MATERIAL TO PROCESS:
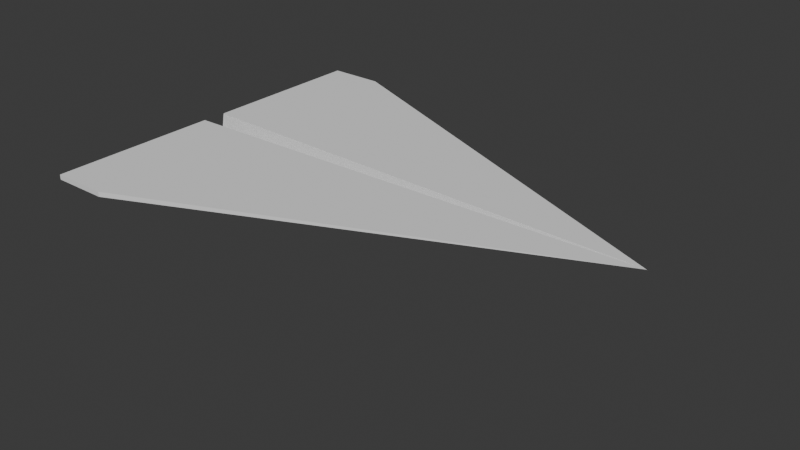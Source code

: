 # Source: Paper_Airplane.blend  (saved by Blender 4.0.36; exported with 4.5.12 LTS)
import bpy
from mathutils import Matrix  # noqa: F401  (used for matrix-valued properties, if any)

bpy.ops.wm.read_factory_settings(use_empty=True)
scene = bpy.context.scene
scene.name = 'Scene'

# ---- collections
col_collection = bpy.data.collections.new('Collection'); scene.collection.children.link(col_collection)

# ---- materials (node trees are filled in below, after node groups)
mat_default = bpy.data.materials.new('default')
mat_default.use_backface_culling = True
mat_default.use_transparent_shadow = False

# ---- material node trees
mat_default.use_nodes = True; mat_default.node_tree.nodes.clear()
_N = mat_default.node_tree.nodes; _L = mat_default.node_tree.links
n0 = _N.new('ShaderNodeBsdfPrincipled'); n0.name = 'Принципиальный BSDF'; n0.location = (10, 300)
n0.inputs[3].default_value = 1.45
n1 = _N.new('ShaderNodeOutputMaterial'); n1.name = 'Вывод материала'; n1.location = (300, 300)
_L.new(n0.outputs[0], n1.inputs[0])
n1.is_active_output = True

# ---- world
world_world = bpy.data.worlds.new('World'); scene.world = world_world
world_world.use_nodes = True; world_world.node_tree.nodes.clear()
_N = world_world.node_tree.nodes; _L = world_world.node_tree.links
n0 = _N.new('ShaderNodeOutputWorld'); n0.name = 'World Output'; n0.location = (300, 300)
n1 = _N.new('ShaderNodeBackground'); n1.name = 'Background'; n1.location = (10, 300)
n1.inputs[0].default_value = (0.05088, 0.05088, 0.05088, 1.0)
_L.new(n1.outputs[0], n0.inputs[0])
n0.is_active_output = True
world_world.color = (0.05088, 0.05088, 0.05088)
world_world.use_sun_shadow = False
world_world.sun_shadow_jitter_overblur = 0.0

# ---- meshes
me_plane_001 = bpy.data.meshes.new('Plane.001')
me_plane_001.from_pydata([(-1.0, -1.0, 0.0), (1.0, -1.054, 0.00586), (-1.0, -0.2998, 9.775e-08), (-0.7711, -0.2998, 9.775e-08), (-1.0, -0.2998, 0.02), (-1.0, -1.0, 0.02), (1.0, -1.054, 0.00606), (-0.7711, -0.2998, 0.02)], [], [(0, 2, 3, 1), (5, 6, 7, 4), (2, 0, 5, 4), (3, 2, 4, 7), (0, 1, 6, 5), (1, 3, 7, 6)])
_uv = me_plane_001.uv_layers.new(name='UVMap')
_uv.uv.foreach_set('vector', [0.0, 0.0, 0.0, 1.0, 1.0, 1.0, 1.0, 0.0, 0.0, 0.0, 1.0, 0.0, 1.0, 1.0, 0.0, 1.0, 0.0, 1.0, 0.0, 0.0, 0.0, 0.0, 0.0, 1.0, 1.0, 1.0, 0.0, 1.0, 0.0, 1.0, 1.0, 1.0, 0.0, 0.0, 1.0, 0.0, 1.0, 0.0, 0.0, 0.0, 1.0, 0.0, 1.0, 1.0, 1.0, 1.0, 1.0, 0.0])
me_plane_001.update()
me_plane_003 = bpy.data.meshes.new('Plane.003')
me_plane_003.from_pydata([(-1.0, -1.0, 0.0), (0.9992, -0.9813, -0.06881), (-1.0, -0.2998, 9.775e-08), (-0.7711, -0.2998, 9.775e-08), (-1.0, -0.2998, 0.02), (-1.0, -1.0, 0.02), (0.9992, -0.9813, -0.06861), (-0.7711, -0.2998, 0.02)], [], [(0, 2, 3, 1), (5, 6, 7, 4), (2, 0, 5, 4), (3, 2, 4, 7), (0, 1, 6, 5), (1, 3, 7, 6)])
_uv = me_plane_003.uv_layers.new(name='UVMap')
_uv.uv.foreach_set('vector', [0.0, 0.0, 0.0, 1.0, 1.0, 1.0, 1.0, 0.0, 0.0, 0.0, 1.0, 0.0, 1.0, 1.0, 0.0, 1.0, 0.0, 1.0, 0.0, 0.0, 0.0, 0.0, 0.0, 1.0, 1.0, 1.0, 0.0, 1.0, 0.0, 1.0, 1.0, 1.0, 0.0, 0.0, 1.0, 0.0, 1.0, 0.0, 0.0, 0.0, 1.0, 0.0, 1.0, 1.0, 1.0, 1.0, 1.0, 0.0])
me_plane_003.materials.append(mat_default)
me_plane_003.update()
me_plane_004 = bpy.data.meshes.new('Plane.004')
me_plane_004.from_pydata([(-1.0, -1.0, 0.0), (1.0, -0.9851, 0.0522), (-1.0, -0.2998, 9.775e-08), (-0.7711, -0.2998, 9.775e-08), (-1.0, -0.2998, 0.02), (-1.0, -1.0, 0.02), (1.0, -0.9851, 0.0524), (-0.7711, -0.2998, 0.02)], [], [(0, 2, 3, 1), (5, 6, 7, 4), (2, 0, 5, 4), (3, 2, 4, 7), (0, 1, 6, 5), (1, 3, 7, 6)])
_uv = me_plane_004.uv_layers.new(name='UVMap')
_uv.uv.foreach_set('vector', [0.0, 0.0, 0.0, 1.0, 1.0, 1.0, 1.0, 0.0, 0.0, 0.0, 1.0, 0.0, 1.0, 1.0, 0.0, 1.0, 0.0, 1.0, 0.0, 0.0, 0.0, 0.0, 0.0, 1.0, 1.0, 1.0, 0.0, 1.0, 0.0, 1.0, 1.0, 1.0, 0.0, 0.0, 1.0, 0.0, 1.0, 0.0, 0.0, 0.0, 1.0, 0.0, 1.0, 1.0, 1.0, 1.0, 1.0, 0.0])
me_plane_004.update()
me_plane_005 = bpy.data.meshes.new('Plane.005')
me_plane_005.from_pydata([(-1.0, -1.0, 0.0), (1.0, -1.049, 0.0151), (-1.0, -0.2998, 9.775e-08), (-0.7711, -0.2998, 9.775e-08), (-1.0, -0.2998, 0.02), (-1.0, -1.0, 0.02), (1.0, -1.049, 0.0153), (-0.7711, -0.2998, 0.02)], [], [(0, 2, 3, 1), (5, 6, 7, 4), (2, 0, 5, 4), (3, 2, 4, 7), (0, 1, 6, 5), (1, 3, 7, 6)])
_uv = me_plane_005.uv_layers.new(name='UVMap')
_uv.uv.foreach_set('vector', [0.0, 0.0, 0.0, 1.0, 1.0, 1.0, 1.0, 0.0, 0.0, 0.0, 1.0, 0.0, 1.0, 1.0, 0.0, 1.0, 0.0, 1.0, 0.0, 0.0, 0.0, 0.0, 0.0, 1.0, 1.0, 1.0, 0.0, 1.0, 0.0, 1.0, 1.0, 1.0, 0.0, 0.0, 1.0, 0.0, 1.0, 0.0, 0.0, 0.0, 1.0, 0.0, 1.0, 1.0, 1.0, 1.0, 1.0, 0.0])
me_plane_005.update()

# ---- objects
ob_plane_001 = bpy.data.objects.new('Plane.001', me_plane_001)
ob_plane_003 = bpy.data.objects.new('Plane.003', me_plane_003)
ob_plane_002 = bpy.data.objects.new('Plane.002', me_plane_004)
ob_plane_004 = bpy.data.objects.new('Plane.004', me_plane_005)

# ---- transforms, parenting, visibility, modifiers, constraints
ob_plane_001.location = (0.0, -1.054, 0.0)
ob_plane_001.rotation_euler = (3.142, -0.0, 0.0)
ob_plane_003.location = (0.0, -0.02793, -0.5)
ob_plane_003.rotation_euler = (-1.745, 0.0009966, 0.01032)
ob_plane_003.scale = (1.0, 0.5, 1.0)
ob_plane_002.location = (0.0, 0.02356, -0.5)
ob_plane_002.rotation_euler = (-1.396, 0.0, 0.01037)
ob_plane_002.scale = (1.0, 0.5, 1.0)
ob_plane_004.location = (0.0, 1.049, -0.02116)

# ---- collection membership
col_collection.objects.link(ob_plane_001)
col_collection.objects.link(ob_plane_003)
col_collection.objects.link(ob_plane_002)
col_collection.objects.link(ob_plane_004)

# ---- scene / render settings (as saved in the file)
scene.frame_start = 1; scene.frame_end = 250; scene.frame_set(0)
scene.render.engine = 'BLENDER_EEVEE_NEXT'
scene.cycles.sampling_pattern = 'TABULATED_SOBOL'
bpy.context.view_layer.update()

# ---- added for rendering (the .blend has no active camera and no usable light): camera, sun
cam_auto = bpy.data.cameras.new('AutoCamera')
cam_auto.lens = 50.0
cam_auto.sensor_width = 36.0
cam_auto.clip_end = 1000.0
ob_auto_camera = bpy.data.objects.new('AutoCamera', cam_auto)
scene.collection.objects.link(ob_auto_camera)
ob_auto_camera.location = (2.34107, -2.81144, 1.6968)
ob_auto_camera.rotation_euler = (1.09748, -7.21219e-08, 0.694738)
scene.camera = ob_auto_camera
light_auto_sun = bpy.data.lights.new('AutoSun', 'SUN')
light_auto_sun.energy = 3.0
light_auto_sun.angle = 0.0523599
ob_auto_sun = bpy.data.objects.new('AutoSun', light_auto_sun)
scene.collection.objects.link(ob_auto_sun)
ob_auto_sun.rotation_euler = (0.872665, 0.174533, 0.523599)
bpy.context.view_layer.update()

WHAT THE EXERCISE ASKS:
Look back at the entries above. Retype the line with "mat_default.use_backface_culling = True", the line with "mat_default.node_tree.nodes; _L = mat_default.node_tree.links", and all lines in between.

RESULT FOR THIS EXERCISE:
mat_default.use_backface_culling = True
mat_default.use_transparent_shadow = False

# ---- material node trees
mat_default.use_nodes = True; mat_default.node_tree.nodes.clear()
_N = mat_default.node_tree.nodes; _L = mat_default.node_tree.links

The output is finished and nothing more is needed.